**Work order**
Read the data below line by line and state how many lines hold "mxPoint". Nothing else belongs in the answer.
---- Given entries
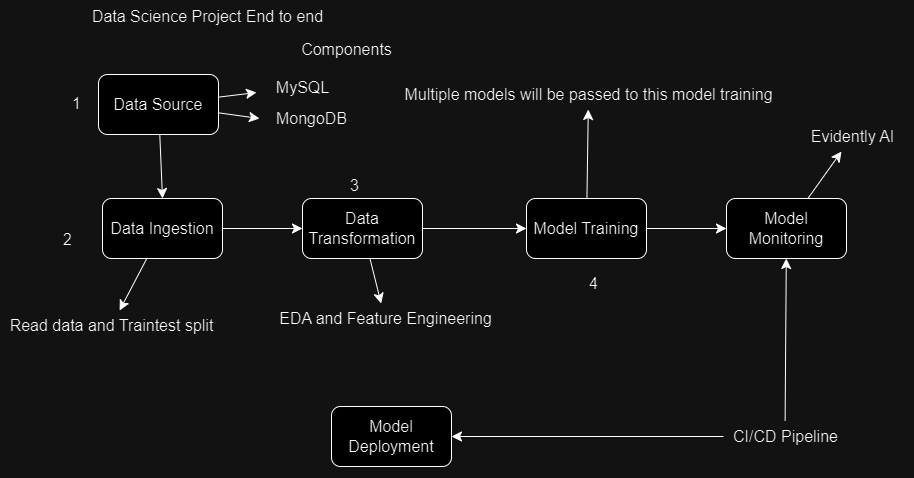

The diagram above was exported from draw.io. Its source (the exported page's mxGraphModel, read from the mxfile embedded in the PNG):
<mxGraphModel dx="1451" dy="1237" grid="0" gridSize="10" guides="1" tooltips="1" connect="1" arrows="1" fold="1" page="0" pageScale="1" pageWidth="1100" pageHeight="850" math="0" shadow="0">
  <root>
    <mxCell id="0" />
    <mxCell id="1" parent="0" />
    <mxCell id="8OHJevtzHxksYd9tB7zP-1" value="Data Science Project End to end" style="text;html=1;align=center;verticalAlign=middle;resizable=0;points=[];autosize=1;strokeColor=none;fillColor=none;fontSize=16;" vertex="1" parent="1">
      <mxGeometry x="-58" y="21" width="249" height="31" as="geometry" />
    </mxCell>
    <mxCell id="8OHJevtzHxksYd9tB7zP-9" style="edgeStyle=none;curved=1;rounded=0;orthogonalLoop=1;jettySize=auto;html=1;fontSize=12;startSize=8;endSize=8;" edge="1" parent="1" source="8OHJevtzHxksYd9tB7zP-2">
      <mxGeometry relative="1" as="geometry">
        <mxPoint x="116" y="113" as="targetPoint" />
      </mxGeometry>
    </mxCell>
    <mxCell id="8OHJevtzHxksYd9tB7zP-10" value="" style="edgeStyle=none;curved=1;rounded=0;orthogonalLoop=1;jettySize=auto;html=1;fontSize=12;startSize=8;endSize=8;" edge="1" parent="1" source="8OHJevtzHxksYd9tB7zP-2">
      <mxGeometry relative="1" as="geometry">
        <mxPoint x="119" y="139" as="targetPoint" />
      </mxGeometry>
    </mxCell>
    <mxCell id="8OHJevtzHxksYd9tB7zP-17" value="" style="edgeStyle=none;curved=1;rounded=0;orthogonalLoop=1;jettySize=auto;html=1;fontSize=12;startSize=8;endSize=8;entryX=0.5;entryY=0;entryDx=0;entryDy=0;" edge="1" parent="1" source="8OHJevtzHxksYd9tB7zP-2" target="8OHJevtzHxksYd9tB7zP-3">
      <mxGeometry relative="1" as="geometry" />
    </mxCell>
    <mxCell id="8OHJevtzHxksYd9tB7zP-2" value="Data Source" style="rounded=1;whiteSpace=wrap;html=1;fontSize=16;" vertex="1" parent="1">
      <mxGeometry x="-42" y="95" width="120" height="60" as="geometry" />
    </mxCell>
    <mxCell id="8OHJevtzHxksYd9tB7zP-18" value="" style="edgeStyle=none;curved=1;rounded=0;orthogonalLoop=1;jettySize=auto;html=1;fontSize=12;startSize=8;endSize=8;" edge="1" parent="1" source="8OHJevtzHxksYd9tB7zP-3" target="8OHJevtzHxksYd9tB7zP-15">
      <mxGeometry relative="1" as="geometry" />
    </mxCell>
    <mxCell id="8OHJevtzHxksYd9tB7zP-19" value="" style="edgeStyle=none;curved=1;rounded=0;orthogonalLoop=1;jettySize=auto;html=1;fontSize=12;startSize=8;endSize=8;" edge="1" parent="1" source="8OHJevtzHxksYd9tB7zP-3" target="8OHJevtzHxksYd9tB7zP-4">
      <mxGeometry relative="1" as="geometry" />
    </mxCell>
    <mxCell id="8OHJevtzHxksYd9tB7zP-3" value="Data Ingestion" style="rounded=1;whiteSpace=wrap;html=1;fontSize=16;" vertex="1" parent="1">
      <mxGeometry x="-38" y="219" width="120" height="60" as="geometry" />
    </mxCell>
    <mxCell id="8OHJevtzHxksYd9tB7zP-22" value="" style="edgeStyle=none;curved=1;rounded=0;orthogonalLoop=1;jettySize=auto;html=1;fontSize=12;startSize=8;endSize=8;" edge="1" parent="1" source="8OHJevtzHxksYd9tB7zP-4" target="8OHJevtzHxksYd9tB7zP-21">
      <mxGeometry relative="1" as="geometry" />
    </mxCell>
    <mxCell id="8OHJevtzHxksYd9tB7zP-24" value="" style="edgeStyle=none;curved=1;rounded=0;orthogonalLoop=1;jettySize=auto;html=1;fontSize=12;startSize=8;endSize=8;" edge="1" parent="1" source="8OHJevtzHxksYd9tB7zP-4" target="8OHJevtzHxksYd9tB7zP-5">
      <mxGeometry relative="1" as="geometry" />
    </mxCell>
    <mxCell id="8OHJevtzHxksYd9tB7zP-4" value="Data Transformation" style="rounded=1;whiteSpace=wrap;html=1;fontSize=16;" vertex="1" parent="1">
      <mxGeometry x="162" y="219" width="120" height="60" as="geometry" />
    </mxCell>
    <mxCell id="8OHJevtzHxksYd9tB7zP-27" value="" style="edgeStyle=none;curved=1;rounded=0;orthogonalLoop=1;jettySize=auto;html=1;fontSize=12;startSize=8;endSize=8;" edge="1" parent="1" source="8OHJevtzHxksYd9tB7zP-5" target="8OHJevtzHxksYd9tB7zP-25">
      <mxGeometry relative="1" as="geometry" />
    </mxCell>
    <mxCell id="8OHJevtzHxksYd9tB7zP-29" value="" style="edgeStyle=none;curved=1;rounded=0;orthogonalLoop=1;jettySize=auto;html=1;fontSize=12;startSize=8;endSize=8;" edge="1" parent="1" source="8OHJevtzHxksYd9tB7zP-5" target="8OHJevtzHxksYd9tB7zP-6">
      <mxGeometry relative="1" as="geometry" />
    </mxCell>
    <mxCell id="8OHJevtzHxksYd9tB7zP-5" value="Model Training" style="rounded=1;whiteSpace=wrap;html=1;fontSize=16;" vertex="1" parent="1">
      <mxGeometry x="386" y="219" width="120" height="60" as="geometry" />
    </mxCell>
    <mxCell id="8OHJevtzHxksYd9tB7zP-31" value="" style="edgeStyle=none;curved=1;rounded=0;orthogonalLoop=1;jettySize=auto;html=1;fontSize=12;startSize=8;endSize=8;" edge="1" parent="1" source="8OHJevtzHxksYd9tB7zP-6" target="8OHJevtzHxksYd9tB7zP-30">
      <mxGeometry relative="1" as="geometry" />
    </mxCell>
    <mxCell id="8OHJevtzHxksYd9tB7zP-6" value="Model Monitoring" style="rounded=1;whiteSpace=wrap;html=1;fontSize=16;" vertex="1" parent="1">
      <mxGeometry x="586" y="219" width="120" height="60" as="geometry" />
    </mxCell>
    <mxCell id="8OHJevtzHxksYd9tB7zP-7" value="Model Deployment" style="rounded=1;whiteSpace=wrap;html=1;fontSize=16;" vertex="1" parent="1">
      <mxGeometry x="191" y="427" width="120" height="60" as="geometry" />
    </mxCell>
    <mxCell id="8OHJevtzHxksYd9tB7zP-8" value="Components" style="text;html=1;align=center;verticalAlign=middle;resizable=0;points=[];autosize=1;strokeColor=none;fillColor=none;fontSize=16;" vertex="1" parent="1">
      <mxGeometry x="151" y="54" width="109" height="31" as="geometry" />
    </mxCell>
    <mxCell id="8OHJevtzHxksYd9tB7zP-11" value="MySQL" style="text;html=1;align=center;verticalAlign=middle;resizable=0;points=[];autosize=1;strokeColor=none;fillColor=none;fontSize=16;" vertex="1" parent="1">
      <mxGeometry x="127" y="92" width="71" height="31" as="geometry" />
    </mxCell>
    <mxCell id="8OHJevtzHxksYd9tB7zP-12" value="MongoDB" style="text;html=1;align=center;verticalAlign=middle;resizable=0;points=[];autosize=1;strokeColor=none;fillColor=none;fontSize=16;" vertex="1" parent="1">
      <mxGeometry x="126" y="123" width="89" height="31" as="geometry" />
    </mxCell>
    <mxCell id="8OHJevtzHxksYd9tB7zP-13" value="1" style="text;html=1;align=center;verticalAlign=middle;resizable=0;points=[];autosize=1;strokeColor=none;fillColor=none;fontSize=16;" vertex="1" parent="1">
      <mxGeometry x="-78" y="108" width="27" height="31" as="geometry" />
    </mxCell>
    <mxCell id="8OHJevtzHxksYd9tB7zP-14" value="2" style="text;html=1;align=center;verticalAlign=middle;resizable=0;points=[];autosize=1;strokeColor=none;fillColor=none;fontSize=16;" vertex="1" parent="1">
      <mxGeometry x="-87" y="245" width="27" height="31" as="geometry" />
    </mxCell>
    <mxCell id="8OHJevtzHxksYd9tB7zP-15" value="Read data and Traintest split" style="text;html=1;align=center;verticalAlign=middle;resizable=0;points=[];autosize=1;strokeColor=none;fillColor=none;fontSize=16;" vertex="1" parent="1">
      <mxGeometry x="-140" y="331" width="222" height="31" as="geometry" />
    </mxCell>
    <mxCell id="8OHJevtzHxksYd9tB7zP-21" value="EDA and Feature Engineering" style="text;html=1;align=center;verticalAlign=middle;resizable=0;points=[];autosize=1;strokeColor=none;fillColor=none;fontSize=16;" vertex="1" parent="1">
      <mxGeometry x="129" y="324" width="231" height="31" as="geometry" />
    </mxCell>
    <mxCell id="8OHJevtzHxksYd9tB7zP-23" value="3" style="text;html=1;align=center;verticalAlign=middle;resizable=0;points=[];autosize=1;strokeColor=none;fillColor=none;fontSize=16;" vertex="1" parent="1">
      <mxGeometry x="200" y="190" width="27" height="31" as="geometry" />
    </mxCell>
    <mxCell id="8OHJevtzHxksYd9tB7zP-25" value="Multiple models will be passed to this model training" style="text;html=1;align=center;verticalAlign=middle;resizable=0;points=[];autosize=1;strokeColor=none;fillColor=none;fontSize=16;" vertex="1" parent="1">
      <mxGeometry x="255" y="99" width="386" height="31" as="geometry" />
    </mxCell>
    <mxCell id="8OHJevtzHxksYd9tB7zP-28" value="4" style="text;html=1;align=center;verticalAlign=middle;resizable=0;points=[];autosize=1;strokeColor=none;fillColor=none;fontSize=16;" vertex="1" parent="1">
      <mxGeometry x="439" y="288" width="27" height="31" as="geometry" />
    </mxCell>
    <mxCell id="8OHJevtzHxksYd9tB7zP-30" value="Evidently AI" style="text;html=1;align=center;verticalAlign=middle;resizable=0;points=[];autosize=1;strokeColor=none;fillColor=none;fontSize=16;" vertex="1" parent="1">
      <mxGeometry x="661" y="141" width="102" height="31" as="geometry" />
    </mxCell>
    <mxCell id="8OHJevtzHxksYd9tB7zP-33" value="" style="edgeStyle=none;curved=1;rounded=0;orthogonalLoop=1;jettySize=auto;html=1;fontSize=12;startSize=8;endSize=8;" edge="1" parent="1" source="8OHJevtzHxksYd9tB7zP-32" target="8OHJevtzHxksYd9tB7zP-7">
      <mxGeometry relative="1" as="geometry" />
    </mxCell>
    <mxCell id="8OHJevtzHxksYd9tB7zP-34" value="" style="edgeStyle=none;curved=1;rounded=0;orthogonalLoop=1;jettySize=auto;html=1;fontSize=12;startSize=8;endSize=8;" edge="1" parent="1" source="8OHJevtzHxksYd9tB7zP-32" target="8OHJevtzHxksYd9tB7zP-6">
      <mxGeometry relative="1" as="geometry" />
    </mxCell>
    <mxCell id="8OHJevtzHxksYd9tB7zP-32" value="CI/CD Pipeline" style="text;html=1;align=center;verticalAlign=middle;resizable=0;points=[];autosize=1;strokeColor=none;fillColor=none;fontSize=16;" vertex="1" parent="1">
      <mxGeometry x="583" y="441.5" width="123" height="31" as="geometry" />
    </mxCell>
  </root>
</mxGraphModel>
--------
**Response**
2